# cloudy/greenish water



## venustus19 (Aug 30, 2007)

i was away from my house for 4 days, last friday till monday... i had my dad feed my fish on friday night and sunday afternoon... the same way that i do everyday... when i got home, my tank was cloudy/or had a greenish tint to it... before we left on friday, i did my usual water change, and i cleaned my filters like i do every other week. the only thing i did differently was i scraped glass to remove algea under the sand, and i did a good stirring of the sand because i hadn't done that in a while... what would make my water turn??? i am gonna test my parameters and do another waterchange tonight and maybe thurs depending on what is going on... i am just sitting here at work trying to figure what went wrong... if anyone might have any thoughts, please share... my tank is a 90 gallon that houses a mix of malwai cichlids...


----------



## Cich of it all (Mar 29, 2007)

Sounds like an algae bloom to me. No big deal. Keep up the water changes and try leaving the lights off for at least a day. 
You might try a chemical remedy - I've used Tetra algae control and it works great, although don't make a habit of using it; I've heard overuse of it can actually cause a dependency.
To ensure it never ever ever ever happens again, look into a UV sterilizer. I'm sure someone will tell you they are unnecessary, but I'm totally sold on them. They make your water look invisible.


----------



## venustus19 (Aug 30, 2007)

quick update for anyone who cares 

i went home after work on tues, and did a 25% water change, and on wednesday, came home and my tank looked a little worse... so i did another water change last night, and i might do another one tonight depending on what the tank looks like... i turned off my light last night, so it won't come on at all today. so we'll see what happens... i am hoping it goes away soon... although as long as it is just an algea bloom, i'll be ok, but i just restocked the tank not so long ago, so all my fish except for pleco is about 2 inches maybe in length... i just hope nothing happens to them... anyway, that is what is going on with me right now...


----------



## venustus19 (Aug 30, 2007)

oh, and i did check my parameters, the onlything off, and only off by a little was my ammonia...


----------



## PsYcHoTiC_MaDmAn (Dec 26, 2005)

It sounds like there was some overfeeding. that caused a small ammonia spike, which then fuelled the algae growth

use something like Prime to bind the ammonia into a non toxic form. then allow things to settle. consider leaving the lights off for several days. you may wish to treat with a flocculant to catch the dead algae cells and bind them in a form the filter can then catch.
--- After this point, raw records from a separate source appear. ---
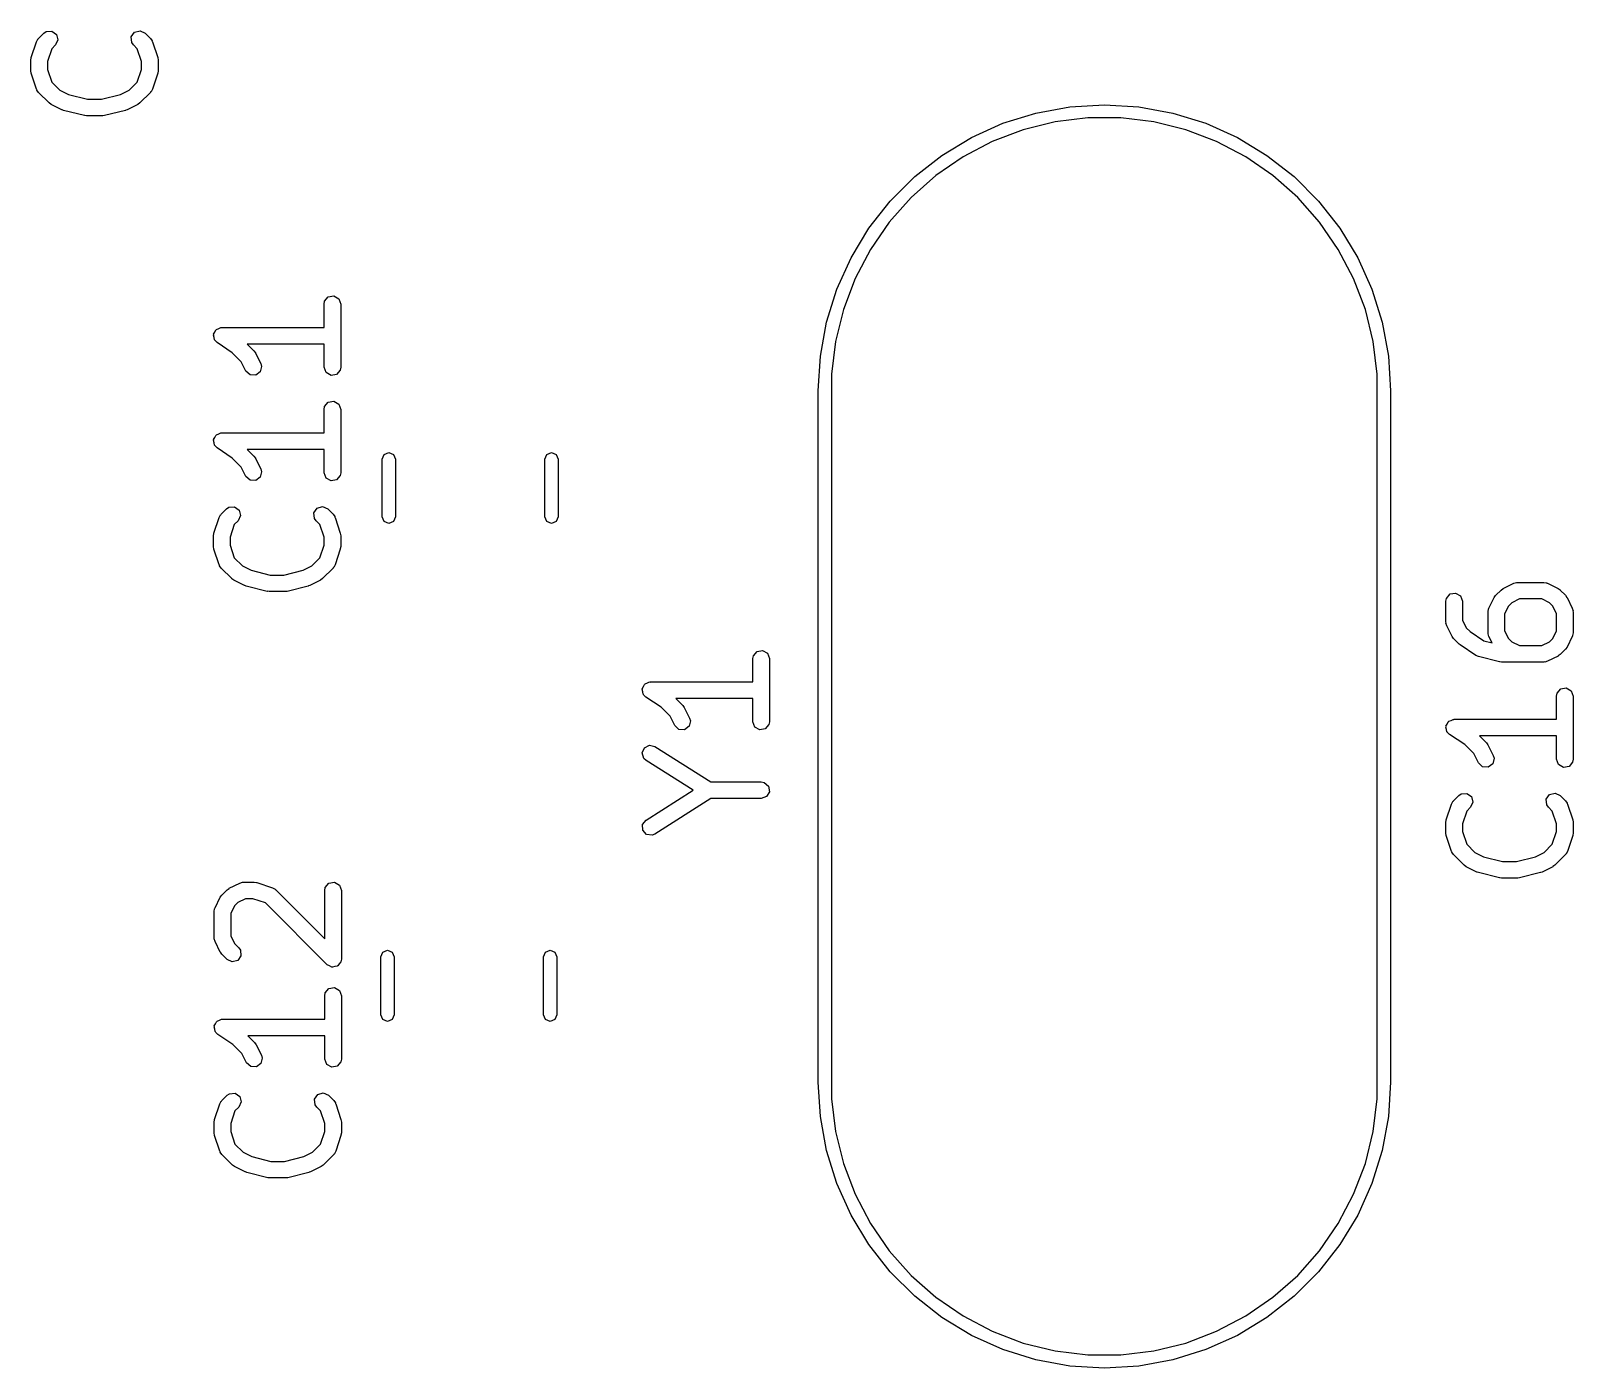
# Model space of a CAD drawing. Extents: x 44 to 148, y -85 to -25.
# Drawn here: x 74.53 to 88.46, y -60.06 to -47.97 of the extents above; entities that cross this region are included whole.
import ezdxf

# ---------------------------------------------------------------- set-up
doc = ezdxf.new("R2010")
doc.units = 0
doc.layers.add('BLACK', color=7, linetype='CONTINUOUS')

msp = doc.modelspace()

# ---------------------------------------------------------------- linework, layer by layer
at = {"layer": 'BLACK', "linetype": 'CONTINUOUS'}
for p, q in [((74.533668, -48.209616), (74.581287, -48.066759)), ((74.581287, -48.066759), (74.593689, -48.043854)), ((74.593689, -48.043854), (74.59751, -48.041506)), ((74.59751, -48.041506), (74.599405, -48.037443)), ((74.599405, -48.037443), (74.647024, -47.989824)), ((74.647024, -47.989824), (74.668361, -47.974884)), ((74.668361, -47.974884), (74.719468, -47.970413)), ((74.719468, -47.970413), (74.761494, -47.999839)), ((74.774771, -48.049394), (74.75309, -48.09589)), ((74.761494, -47.999839), (74.774771, -48.049394)), ((75.437135, -48.023446), (75.466561, -47.98142)), ((75.441607, -48.074554), (75.437135, -48.023446)), ((75.456548, -48.095891), (75.441607, -48.074554)), ((75.466561, -47.98142), (75.516116, -47.968143)), ((75.516116, -47.968143), (75.562612, -47.989823)), ((75.562612, -47.989823), (75.610232, -48.037442)), ((75.610232, -48.037442), (75.625173, -48.058779)), ((75.625173, -48.058779), (75.625563, -48.063247)), ((75.625563, -48.063247), (75.628351, -48.066759)), ((75.628351, -48.066759), (75.67597, -48.209615)), ((74.529819, -48.233333), (74.533712, -48.21125)), ((74.533712, -48.21125), (74.533668, -48.209616)), ((74.71799, -48.130989), (74.679819, -48.245503)), ((74.75309, -48.09589), (74.71799, -48.130989)), ((75.491648, -48.13099), (75.456548, -48.095891)), ((75.529819, -48.245503), (75.491648, -48.13099)), ((75.67597, -48.209615), (75.679259, -48.231795)), ((74.529819, -48.328571), (74.529819, -48.233333)), ((74.530379, -48.330109), (74.529819, -48.328571)), ((74.533668, -48.352288), (74.530379, -48.330109)), ((74.581287, -48.495145), (74.533668, -48.352288)), ((74.679819, -48.245503), (74.679819, -48.3164)), ((74.679819, -48.3164), (74.71799, -48.430914)), ((75.491648, -48.430913), (75.529819, -48.316401)), ((75.529819, -48.316401), (75.529819, -48.245503)), ((75.67597, -48.352289), (75.628351, -48.495145)), ((75.679819, -48.328571), (75.675925, -48.350653)), ((75.675925, -48.350653), (75.67597, -48.352289)), ((75.679259, -48.231795), (75.679819, -48.233333)), ((75.679819, -48.233333), (75.679819, -48.328571)), ((74.71799, -48.430914), (74.792103, -48.505027)), ((75.417534, -48.505026), (75.491648, -48.430913)), ((74.584074, -48.498657), (74.581287, -48.495145)), ((74.584465, -48.503124), (74.584074, -48.498657)), ((74.599405, -48.524461), (74.584465, -48.503124)), ((74.694643, -48.619699), (74.599405, -48.524461)), ((74.696124, -48.620389), (74.694643, -48.619699)), ((74.714135, -48.633748), (74.696124, -48.620389)), ((74.792103, -48.505027), (74.86909, -48.54352)), ((74.86909, -48.54352), (75.042624, -48.586904)), ((75.042624, -48.586904), (75.167013, -48.586904)), ((75.167013, -48.586904), (75.340547, -48.54352)), ((75.340547, -48.54352), (75.417534, -48.505026)), ((75.514994, -48.619699), (75.496625, -48.632561)), ((75.610233, -48.524461), (75.514994, -48.619699)), ((75.612128, -48.520396), (75.610233, -48.524461)), ((75.615948, -48.51805), (75.612128, -48.520396)), ((75.628351, -48.495145), (75.615948, -48.51805)), ((74.809373, -48.681367), (74.714135, -48.633748)), ((74.812901, -48.681773), (74.809373, -48.681367)), ((74.824724, -48.687046), (74.812901, -48.681773)), ((75.0152, -48.734665), (74.824724, -48.687046)), ((75.018648, -48.734304), (75.0152, -48.734665)), ((75.03339, -48.736904), (75.018648, -48.734304)), ((75.176247, -48.736904), (75.03339, -48.736904)), ((75.179504, -48.735718), (75.176247, -48.736904)), ((75.194437, -48.734665), (75.179504, -48.735718)), ((75.384913, -48.687046), (75.194437, -48.734665)), ((75.387857, -48.685057), (75.384913, -48.687046)), ((75.400264, -48.681367), (75.387857, -48.685057)), ((75.495502, -48.633748), (75.400264, -48.681367)), ((75.496625, -48.632561), (75.495502, -48.633748)), ((83.312846, -48.803983), (83.610869, -48.711115)), ((83.610869, -48.711115), (83.917913, -48.654848)), ((84.080395, -48.756), (83.784359, -48.791946)), ((83.917913, -48.654848), (84.2295, -48.636)), ((84.378605, -48.756), (84.080395, -48.756)), ((84.2295, -48.636), (84.541087, -48.654848)), ((84.674641, -48.791946), (84.378605, -48.756)), ((84.541087, -48.654848), (84.848131, -48.711115)), ((84.848131, -48.711115), (85.146154, -48.803983)), ((83.028191, -48.932096), (83.312846, -48.803983)), ((83.494815, -48.863312), (83.215984, -48.969059)), ((83.784359, -48.791946), (83.494815, -48.863312)), ((84.964185, -48.863312), (84.674641, -48.791946)), ((85.243016, -48.969059), (84.964185, -48.863312)), ((85.146154, -48.803983), (85.430809, -48.932096)), ((82.761053, -49.093587), (83.028191, -48.932096)), ((83.215984, -48.969059), (82.951932, -49.107644)), ((85.507068, -49.107644), (85.243016, -48.969059)), ((85.430809, -48.932096), (85.697947, -49.093587)), ((82.515328, -49.2861), (82.761053, -49.093587)), ((82.951932, -49.107644), (82.70651, -49.277046)), ((85.75249, -49.277046), (85.507068, -49.107644)), ((85.697947, -49.093587), (85.943672, -49.2861)), ((82.2946, -49.506828), (82.515328, -49.2861)), ((82.70651, -49.277046), (82.483296, -49.474796)), ((85.975704, -49.474796), (85.75249, -49.277046)), ((85.943672, -49.2861), (86.1644, -49.506828)), ((82.102087, -49.752553), (82.2946, -49.506828)), ((82.483296, -49.474796), (82.285546, -49.69801)), ((86.173454, -49.69801), (85.975704, -49.474796)), ((86.1644, -49.506828), (86.356913, -49.752553)), ((82.285546, -49.69801), (82.116144, -49.943432)), ((86.342856, -49.943432), (86.173454, -49.69801)), ((81.940596, -50.019691), (82.102087, -49.752553)), ((86.356913, -49.752553), (86.518404, -50.019691)), ((81.812483, -50.304346), (81.940596, -50.019691)), ((82.116144, -49.943432), (81.977559, -50.207484)), ((86.481441, -50.207484), (86.342856, -49.943432)), ((86.518404, -50.019691), (86.646517, -50.304346)), ((81.719615, -50.602369), (81.812483, -50.304346)), ((81.977559, -50.207484), (81.871812, -50.486315)), ((86.587188, -50.486315), (86.481441, -50.207484)), ((86.646517, -50.304346), (86.739385, -50.602369)), ((77.179819, -50.438095), (77.184342, -50.412443)), ((77.179819, -50.648809), (77.179819, -50.438095)), ((77.184342, -50.412443), (77.217319, -50.373143)), ((77.217319, -50.373143), (77.267843, -50.364234)), ((77.267843, -50.364234), (77.312272, -50.389886)), ((77.312272, -50.389886), (77.329819, -50.438095)), ((77.329819, -50.438095), (77.329819, -51.009523)), ((81.871812, -50.486315), (81.800446, -50.775859)), ((86.658554, -50.775859), (86.587188, -50.486315)), ((76.179974, -50.718982), (76.181706, -50.715032)), ((76.186087, -50.739873), (76.179974, -50.718982)), ((76.180958, -50.710785), (76.19184, -50.691936)), ((76.181706, -50.715032), (76.180958, -50.710785)), ((76.19184, -50.691936), (76.200587, -50.672002)), ((76.200587, -50.672002), (76.204454, -50.67009)), ((76.204454, -50.67009), (76.20661, -50.666356)), ((76.20661, -50.666356), (76.227063, -50.658911)), ((76.227063, -50.658911), (76.246576, -50.649264)), ((76.246576, -50.649264), (76.250765, -50.650284)), ((76.250765, -50.650284), (76.254819, -50.648809)), ((76.254819, -50.648809), (77.179819, -50.648809)), ((81.663348, -50.909413), (81.719615, -50.602369)), ((86.739385, -50.602369), (86.795652, -50.909413)), ((76.189867, -50.761309), (76.186087, -50.739873)), ((76.19317, -50.764081), (76.189867, -50.761309)), ((76.194382, -50.76822), (76.19317, -50.764081)), ((76.213216, -50.786213), (76.194382, -50.76822)), ((76.349894, -50.877331), (76.213216, -50.786213)), ((77.179819, -50.798809), (76.483504, -50.798809)), ((76.483504, -50.798809), (76.545947, -50.861252)), ((76.545947, -50.861252), (76.558809, -50.87962)), ((77.179819, -51.009523), (77.179819, -50.798809)), ((81.800446, -50.775859), (81.7645, -51.071895)), ((86.6945, -51.071895), (86.658554, -50.775859)), ((76.431275, -50.958712), (76.349894, -50.877331)), ((76.473451, -51.043064), (76.431275, -50.958712)), ((76.558809, -50.87962), (76.559996, -50.880744)), ((76.559996, -50.880744), (76.607615, -50.975982)), ((76.615041, -51.000948), (76.603121, -51.050847)), ((76.607615, -50.975982), (76.615041, -51.000948)), ((81.6445, -51.221), (81.663348, -50.909413)), ((86.795652, -50.909413), (86.8145, -51.221)), ((76.510705, -51.078336), (76.473451, -51.043064)), ((76.561915, -51.081411), (76.510705, -51.078336)), ((76.603121, -51.050847), (76.561915, -51.081411)), ((77.197366, -51.057732), (77.179819, -51.009523)), ((77.241795, -51.083384), (77.197366, -51.057732)), ((77.292319, -51.074475), (77.241795, -51.083384)), ((77.325296, -51.035175), (77.292319, -51.074475)), ((77.329819, -51.009523), (77.325296, -51.035175)), ((81.7645, -51.071895), (81.7645, -51.221)), ((86.6945, -51.221), (86.6945, -51.071895)), ((81.6445, -57.471), (81.6445, -51.221)), ((81.7645, -51.221), (81.7645, -57.471)), ((86.6945, -57.471), (86.6945, -51.221)), ((86.8145, -51.221), (86.8145, -57.471)), ((77.179819, -51.390476), (77.184342, -51.364824)), ((77.179819, -51.60119), (77.179819, -51.390476)), ((77.184342, -51.364824), (77.217319, -51.325524)), ((77.217319, -51.325524), (77.267843, -51.316615)), ((77.267843, -51.316615), (77.312272, -51.342267)), ((77.312272, -51.342267), (77.329819, -51.390476)), ((77.329819, -51.390476), (77.329819, -51.961904)), ((76.179974, -51.671363), (76.181706, -51.667413)), ((76.186087, -51.692254), (76.179974, -51.671363)), ((76.180958, -51.663166), (76.19184, -51.644317)), ((76.181706, -51.667413), (76.180958, -51.663166)), ((76.189867, -51.71369), (76.186087, -51.692254)), ((76.19184, -51.644317), (76.200587, -51.624383)), ((76.200587, -51.624383), (76.204454, -51.622471)), ((76.204454, -51.622471), (76.20661, -51.618737)), ((76.20661, -51.618737), (76.227063, -51.611292)), ((76.227063, -51.611292), (76.246576, -51.601645)), ((76.246576, -51.601645), (76.250765, -51.602665)), ((76.250765, -51.602665), (76.254819, -51.60119)), ((76.254819, -51.60119), (77.179819, -51.60119)), ((76.19317, -51.716462), (76.189867, -51.71369)), ((76.194382, -51.720601), (76.19317, -51.716462)), ((76.213216, -51.738594), (76.194382, -51.720601)), ((76.349894, -51.829712), (76.213216, -51.738594)), ((76.431275, -51.911093), (76.349894, -51.829712)), ((77.179819, -51.75119), (76.483504, -51.75119)), ((76.483504, -51.75119), (76.545947, -51.813633)), ((76.545947, -51.813633), (76.558809, -51.832001)), ((76.558809, -51.832001), (76.559996, -51.833125)), ((76.559996, -51.833125), (76.607615, -51.928363)), ((77.179819, -51.961904), (77.179819, -51.75119)), ((77.705, -51.838748), (77.722574, -51.796322)), ((77.722574, -51.796322), (77.765, -51.778748)), ((77.765, -51.778748), (77.807426, -51.796322)), ((77.807426, -51.796322), (77.825, -51.838748)), ((79.175, -51.838748), (79.192574, -51.796322)), ((79.192574, -51.796322), (79.235, -51.778748)), ((79.235, -51.778748), (79.277426, -51.796322)), ((79.277426, -51.796322), (79.295, -51.838748)), ((76.473451, -51.995445), (76.431275, -51.911093)), ((76.615041, -51.953329), (76.603121, -52.003228)), ((76.607615, -51.928363), (76.615041, -51.953329)), ((77.197366, -52.010113), (77.179819, -51.961904)), ((77.329819, -51.961904), (77.325296, -51.987556)), ((77.705, -52.361252), (77.705, -51.838748)), ((77.825, -51.838748), (77.825, -52.361252)), ((79.175, -52.361252), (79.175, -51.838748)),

a UV steriliser will kill unicellular free floating algae. however to teat a one of case like this its not really worth it.


----------



## venustus19 (Aug 30, 2007)

well, for anyone that is following this... my water is still all crazy green and ****... i went out and bought new bulbs for the light, thinking that maybe that had something to do with it... i fixed my timer, now my tank will only be on for 5-6 hours a day, and i bought a new test kit...
so, here are my current parameters as of yesterday.

PH









Ammonia









Nitrite









Nitrate









now, everything seems to be fine with the parameters... does an algea bloom just affect the water color, or would it affect the parameters as well... i am still trying to figure out what is going on with my tank... if anyone thinks of anything, or wants more info, just let me know... i'll see what i can do.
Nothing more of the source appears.